I have a vector that is constructed with numbers and letters. I want to get all the characters before the LAST letter of each value (which is I guess, always the 2nd letter of the vector). Using stringr (preferably)...
Example :
x = c("1H23456789H10", "97845784584H2", "0H987654321H0", "0P45454545A3", "63A00000000000A91")
str_extract_all(string = x, pattern = ????????)
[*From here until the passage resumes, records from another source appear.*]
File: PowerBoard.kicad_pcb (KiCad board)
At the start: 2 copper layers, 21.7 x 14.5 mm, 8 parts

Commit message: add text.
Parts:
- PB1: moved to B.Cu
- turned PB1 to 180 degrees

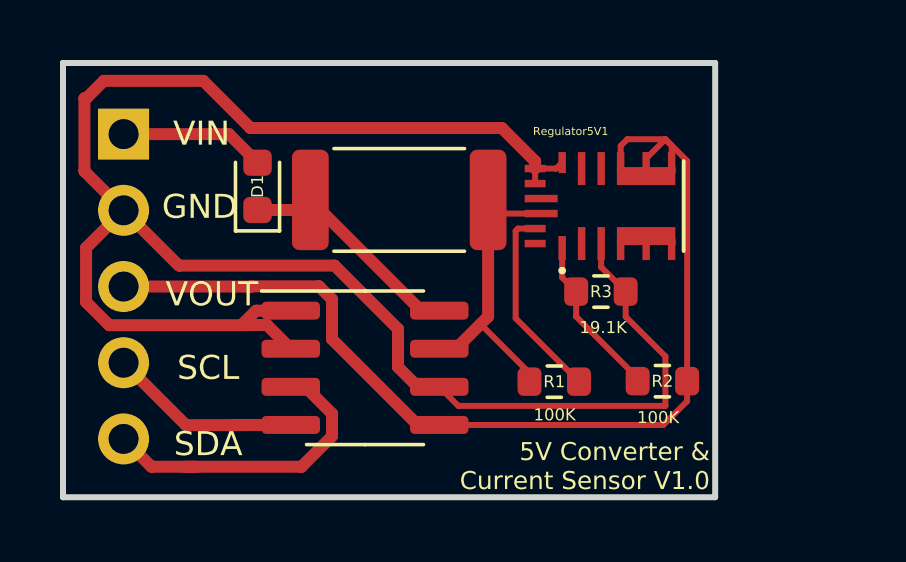
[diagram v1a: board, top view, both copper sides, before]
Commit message: add additional AAM resistor and increment board version. Instructions for 3.3V output rather than 5V if desired.
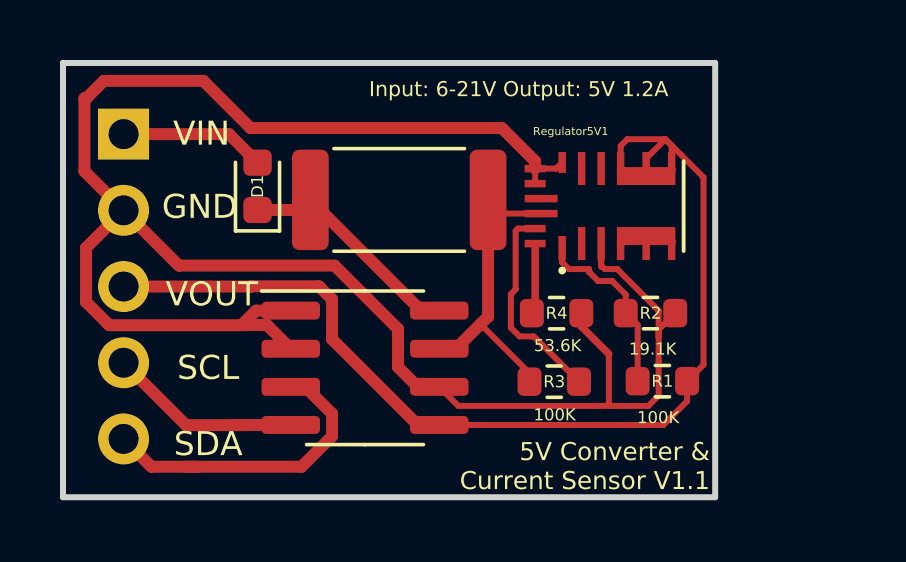
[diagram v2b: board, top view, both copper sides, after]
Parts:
- added R4: 53.6K, Resistor_SMD:R_0603_1608Metric, F.Cu at (131.0, 59.1)
- moved R2 1.80 mm to (134.1, 59.1)
- renumbered R2 to R1, R3 to R2, R1 to R3
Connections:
- Regulator5V1 pad 18: unconnected-(Regulator5V1-Pad18) -> Net-(R4-Pad1)
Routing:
- net GND: track 63.2 -> 68.2 mm
- net Net-(R4-Pad1): track 0.00 -> 2.37 mm
- net Net-(R1-Pad2): track 5.48 -> 6.15 mm
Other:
- board text added: "5V Converter & Current Sensor V1.1"
- board text added: "Input: 6-21V Output: 5V 1.2A"
- board text added: "To configure output, select your resistors as follows. Assuming ~12V Input. Max 1.2A. For more details review the datasheet for MPM3610A. Output R1 R2 R3 R4 5V 100k 19.1K 100K 53.6K 3.3V 75k 24K 100K 39K"
- board text removed: "5V Converter & Current Sensor V1.0"

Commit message: version 1.2.
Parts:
- removed D1: D_Schottky, Diode_SMD:D_0603_1608Metric
- added A0: A0, Jumper:SolderJumper-2_P1.3mm_Open_Pad1.0x1.5mm, F.Cu at (133.8, 63.8)
- added A1: A1, Jumper:SolderJumper-2_P1.3mm_Open_Pad1.0x1.5mm, F.Cu at (130.3, 63.8)
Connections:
- CURRENT_MAIN1 pad 1: GND -> Net-(CURRENT_MAIN1-Pad1)
- CURRENT_MAIN1 pad 2: GND -> Net-(CURRENT_MAIN1-Pad2)
- PB1 pad 1: Net-(D1-Pad2) -> Net-(CURRENT_MAIN1-Pad8)
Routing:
- net Net-(CURRENT_MAIN1-Pad2): track 0.00 -> 16.0 mm
- net GND: track 68.2 -> 55.1 mm
- net Net-(CURRENT_MAIN1-Pad1): track 0.00 -> 9.47 mm
- net Net-(CURRENT_MAIN1-Pad8): track 8.40 -> 14.1 mm
- net Net-(D1-Pad2): track 4.86 -> 0.00 mm
- net +5V: track 35.3 -> 37.8 mm
- net /SDA: track 10.6 -> 10.0 mm
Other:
- board text added: "5V Buck Converter & Current Sensor V1.2 The default I2C address for this device is 0x40. You can adjust the address of the device by shorting jumpers A0 and A1. See the table in the INA219 datasheet for more details. I2C Address A0 A1 0x40 Open Open 0x41 Open Closed 0x44 Closed Open It is possible to adjust the voltage output. This can be achieved by swapping out the resistors as defined in the f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"
- board text added: "5V DC-DC Converter & Current Sensor V1.2"
- board text removed: "5V Converter & Current Sensor V1.1"
- board text removed: "To configure output, select your resistors as follows. Assuming ~12V Input. Max 1.2A. For more details review the datasheet for MPM3610A. Output R1 R2 R3 R4 5V 100k 19.1K 100K 53.6K 3.3V 75k 24K 100K 39K"

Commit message: update to 1.3.
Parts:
- added C1: 10uF, Capacitor_SMD:C_0603_1608Metric_Pad1.08x0.95mm_HandSolder, F.Cu at (130.9, 54.4)
- added C2: 22uF, Capacitor_SMD:C_0603_1608Metric_Pad1.08x0.95mm_HandSolder, F.Cu at (137.4, 59.1)
- added R5: 10K, Resistor_SMD:R_0603_1608Metric, F.Cu at (137.6, 61.4)
- added R6: 10K, Resistor_SMD:R_0603_1608Metric, F.Cu at (137.1, 63.6)
- moved Regulator5V1 2.37 mm to (135.1, 55.6)
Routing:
- net Net-(A1-Pad1): track 9.47 -> 23.4 mm, vias 0 -> 2
- net GND: track 55.1 -> 61.4 mm
- net +5V: track 37.8 -> 41.1 mm
- net Net-(C1-Pad1): track 10.9 -> 13.3 mm
- net Net-(A0-Pad1): track 16.0 -> 17.9 mm
- net Net-(R1-Pad2): track 6.15 -> 4.67 mm
- net Net-(R3-Pad2): track 6.99 -> 8.21 mm
- net Net-(R4-Pad1): track 2.37 -> 3.43 mm
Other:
- board size 21.7 x 14.5 mm -> 24.9 x 14.5 mm
- board text added: "5V DC-DC Converter & Current Sensor V1.3"
- board text removed: "5V Buck Converter & Current Sensor V1.2 The default I2C address for this device is 0x40. You can adjust the address of the device by shorting jumpers A0 and A1. See the table in the INA219 datasheet for more details. I2C Address A0 A1 0x40 Open Open 0x41 Open Closed 0x44 Closed Open It is possible to adjust the voltage output. This can be achieved by swapping out the resistors as defined in the f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"
- board text removed: "5V DC-DC Converter & Current Sensor V1.2"

I tried some tricks here : https://evoldyn.gitlab.io/evomics-2018/ref-sheets/R_strings.pdf
The result I want is :
"1H23456789" instead of "1H23456789H10"
"97845784584" instead of "97845784584H2"
"0H987654321", instead of "0H987654321H0"
"0P45454545", instead of "0P45454545A3"
"63A00000000000" instead of "63A00000000000A91"
CodePudding user response:
str_extract(string = x, pattern = "[^A-Z]*[A-Z][^A-Z]*")
# [1] "1H23456789" "0H987654321" "0P45454545" "63A00000000000"
Explanation: we want to extract 1 pattern match per input, so we use str_extract
not str_extract_all
. Our pattern [^A-Z]*
, any number of non-letters, followed by [A-Z]
exactly one letter, followed by [^A-Z]*
any number of non-letters. I just used capital letters based on your input, but you could change A-Z
to A-Za-z
inside the brackets to include lower case letters.